Records from a dataset:
▬▬▬▬▬▬▬▬▬▬

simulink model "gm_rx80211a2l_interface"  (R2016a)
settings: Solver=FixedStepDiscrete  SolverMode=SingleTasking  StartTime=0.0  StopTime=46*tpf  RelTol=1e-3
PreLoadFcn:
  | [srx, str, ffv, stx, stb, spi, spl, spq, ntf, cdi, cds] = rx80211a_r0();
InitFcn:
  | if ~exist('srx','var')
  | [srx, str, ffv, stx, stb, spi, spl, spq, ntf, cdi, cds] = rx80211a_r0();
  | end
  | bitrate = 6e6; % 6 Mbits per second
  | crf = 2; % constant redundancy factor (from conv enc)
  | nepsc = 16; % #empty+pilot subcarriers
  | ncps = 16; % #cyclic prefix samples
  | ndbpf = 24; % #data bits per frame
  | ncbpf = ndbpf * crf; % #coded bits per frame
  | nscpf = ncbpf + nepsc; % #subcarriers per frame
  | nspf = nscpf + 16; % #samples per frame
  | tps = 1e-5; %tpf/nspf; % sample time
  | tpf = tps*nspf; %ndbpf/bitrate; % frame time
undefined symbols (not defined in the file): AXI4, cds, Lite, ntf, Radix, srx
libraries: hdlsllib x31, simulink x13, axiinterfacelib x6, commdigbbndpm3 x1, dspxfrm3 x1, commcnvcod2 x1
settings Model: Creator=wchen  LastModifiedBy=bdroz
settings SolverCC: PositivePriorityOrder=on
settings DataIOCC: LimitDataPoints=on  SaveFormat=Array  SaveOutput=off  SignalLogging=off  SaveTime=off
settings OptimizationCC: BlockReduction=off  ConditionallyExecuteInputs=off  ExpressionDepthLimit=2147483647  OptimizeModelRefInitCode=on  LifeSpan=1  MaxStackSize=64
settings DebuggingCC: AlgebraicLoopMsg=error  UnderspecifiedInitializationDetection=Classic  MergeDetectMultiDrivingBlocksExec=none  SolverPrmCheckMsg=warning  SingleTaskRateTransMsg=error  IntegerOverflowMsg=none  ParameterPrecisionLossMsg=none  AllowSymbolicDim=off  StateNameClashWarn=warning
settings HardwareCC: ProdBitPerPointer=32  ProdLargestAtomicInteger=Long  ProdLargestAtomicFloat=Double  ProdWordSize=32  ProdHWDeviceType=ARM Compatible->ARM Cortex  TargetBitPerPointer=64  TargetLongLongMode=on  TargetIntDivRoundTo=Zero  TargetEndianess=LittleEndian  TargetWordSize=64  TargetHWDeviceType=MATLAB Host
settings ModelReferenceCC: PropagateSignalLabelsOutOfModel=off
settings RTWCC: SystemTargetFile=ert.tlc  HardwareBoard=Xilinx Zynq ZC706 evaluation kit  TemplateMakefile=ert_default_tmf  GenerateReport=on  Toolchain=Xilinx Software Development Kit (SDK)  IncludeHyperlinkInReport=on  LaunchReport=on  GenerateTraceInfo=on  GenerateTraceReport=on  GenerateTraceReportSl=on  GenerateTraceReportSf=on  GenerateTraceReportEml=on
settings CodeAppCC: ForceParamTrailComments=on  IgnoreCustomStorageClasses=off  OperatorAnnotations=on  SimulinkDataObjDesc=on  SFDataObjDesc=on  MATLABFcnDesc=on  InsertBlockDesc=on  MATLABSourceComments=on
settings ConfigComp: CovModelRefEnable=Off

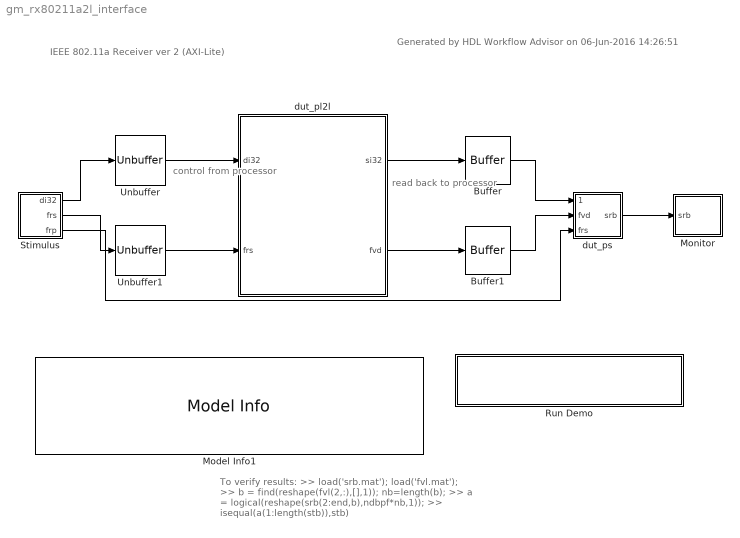
== system gm_rx80211a2l_interface ==
  note: To verify results:
      | >> load('srb.mat'); load('fvl.mat');
      | >> b = find(reshape(fvl(2,:),[],1)); nb=length(b);
      | >> a = logical(reshape(srb(2:end,b),ndbpf*nb,1));
      | >> isequal(a(1:length(stb)),stb)
  note: read back to
      | processor
  note: IEEE 802.11a Receiver ver 2 (AXI-Lite)
  note: control from
      | processor
  note: Generated by HDL Workflow Advisor on 06-Jun-2016 14:26:51
  Buffer : Buffer  N=nspf  TreatMby1Signals=One channel  OutputFrames=off
  Buffer1 : Buffer  N=nspf  TreatMby1Signals=One channel  OutputFrames=off
  Model Info1 : simulink/Model-Wide Utilities/Model Info  Frame=on  DisplayStringWithTags=|  HorizontalTextAlignment=Left  LeftAlignmentValue=0.02  SourceBlockDiagram=gm_rx80211a2l_interface  TagMaxNumber=20
      | This example shows how to use HDL Workflow Advisor to 
      | generate a custom IP core which blink LEDs on FPGA board.
      | 
      | In MATLAB, type the following:
      |   hdladvisor('rx80211a2l/dut_pl2l')
  Monitor : Subsystem  TreatAsAtomicUnit=on
  Run Demo : Subsystem
      settings: OpenFcn=hdladvisor([bdroot, '/dut_pl'])
      mask Display: disp('Launch HDL Workflow Advisor')
  Stimulus : Subsystem
  Unbuffer : Unbuffer  SampleBasedProcessing=Same as frame based
  Unbuffer1 : Unbuffer  SampleBasedProcessing=Same as frame based
  dut_pl2l : Subsystem  TreatAsAtomicUnit=on  mask(AXI4-Lite/AXI4 Interface){}
      mask help:
      | This is an automatically generated subsystem block.
      | This contains the AXI interface blocks that communicate with the dut_pl2l_ip IPCore generated from rx80211a2l/dut_pl2l subsystem.
      mask Display: disp(sprintf('Xilinx Zynq \nAXI Interface'));
  dut_ps : Subsystem
  wires:
  Stimulus/3(frp) -> dut_ps/3(frs)
  Buffer1/1 -> dut_ps/2(fvd)
  dut_pl2l/2(fvd) -> Buffer1/1
  Unbuffer1/1 -> dut_pl2l/2(frs)
  Stimulus/2(frs) -> Unbuffer1/1
  dut_ps/1(srb) -> Monitor/1(srb)
  Buffer/1 -> dut_ps/1(si32)
  Unbuffer/1 -> dut_pl2l/1(di32)
  dut_pl2l/1(si32) -> Buffer/1
  Stimulus/1(di32) -> Unbuffer/1

== system gm_rx80211a2l_interface/Monitor ==
  srb : Inport
  Compare To Constant : simulink/Logic and Bit Operations/Compare To Constant  relop=>  const=uint16(0)  OutDataTypeStr=boolean
  Counter Free-Running : simulink/Sources/Counter Free-Running  NumBits=16  tsamp=tpf
  unpack_int32_into_bool24 : Subsystem
  write_srb_to_file1 : Subsystem
  wires:
  srb/1 -> unpack_int32_into_bool24/1(di32)
  unpack_int32_into_bool24/2(fvd) -> write_srb_to_file1/2(fvl)
  unpack_int32_into_bool24/1(stx) -> write_srb_to_file1/1(srb)
  Compare To Constant/1 -> write_srb_to_file1/Enable
  Counter Free-Running/1 -> Compare To Constant/1

== system gm_rx80211a2l_interface/Run Demo ==

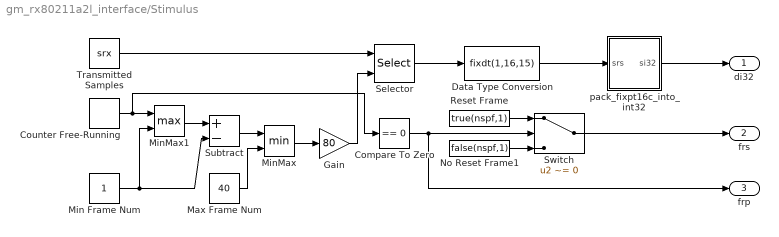
== system gm_rx80211a2l_interface/Stimulus ==
  Compare To Zero : simulink/Logic and Bit Operations/Compare To Zero  relop===  OutDataTypeStr=boolean
  Counter Free-Running : simulink/Sources/Counter Free-Running  NumBits=16  tsamp=tpf
  Data Type Conversion : DataTypeConversion  OutDataTypeStr=fixdt(1,16,15)
  Gain : Gain  Gain=80  OutDataTypeStr=uint16
  Max Frame Num : Constant  Value=40  OutDataTypeStr=uint16  SampleTime=tpf
  Min Frame Num : Constant  OutDataTypeStr=uint16  SampleTime=tpf
  MinMax : MinMax  Inputs=2
  MinMax1 : MinMax  Function=max  Inputs=2
  No Reset Frame1 : Constant  Value=false(nspf,1)  OutDataTypeStr=boolean  SampleTime=tpf
  Reset Frame : Constant  Value=true(nspf,1)  OutDataTypeStr=boolean  SampleTime=tpf
  Selector : Selector  IndexMode=Zero-based  InputPortWidth=3280  IndexOptions=Starting index (port)  Indices=[1 3]  OutputSizes=80
  Subtract : Sum  Inputs=+-
  Switch : Switch  Criteria=u2 ~= 0
  Transmitted Samples : Constant  Value=srx  SampleTime=tpf
  pack_fixpt16c_into_int32 : Subsystem
  di32 : Outport
  frs : Outport  Port=2
  frp : Outport  Port=3
  wires:
  No Reset Frame1/1 -> Switch/3
  Reset Frame/1 -> Switch/1
  Switch/1 -> frs/1
  Compare To Zero/1 -> Switch/2, frp/1
  MinMax1/1 -> Subtract/1
  Subtract/1 -> MinMax/1
  Min Frame Num/1 -> Subtract/2, MinMax1/2
  pack_fixpt16c_into_int32/1(si32) -> di32/1
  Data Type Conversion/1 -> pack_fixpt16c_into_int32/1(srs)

▬▬▬▬▬▬▬▬▬▬

Among the lines above, some may include the string "ncbpf"; state how many, and nothing more.

## Response below
2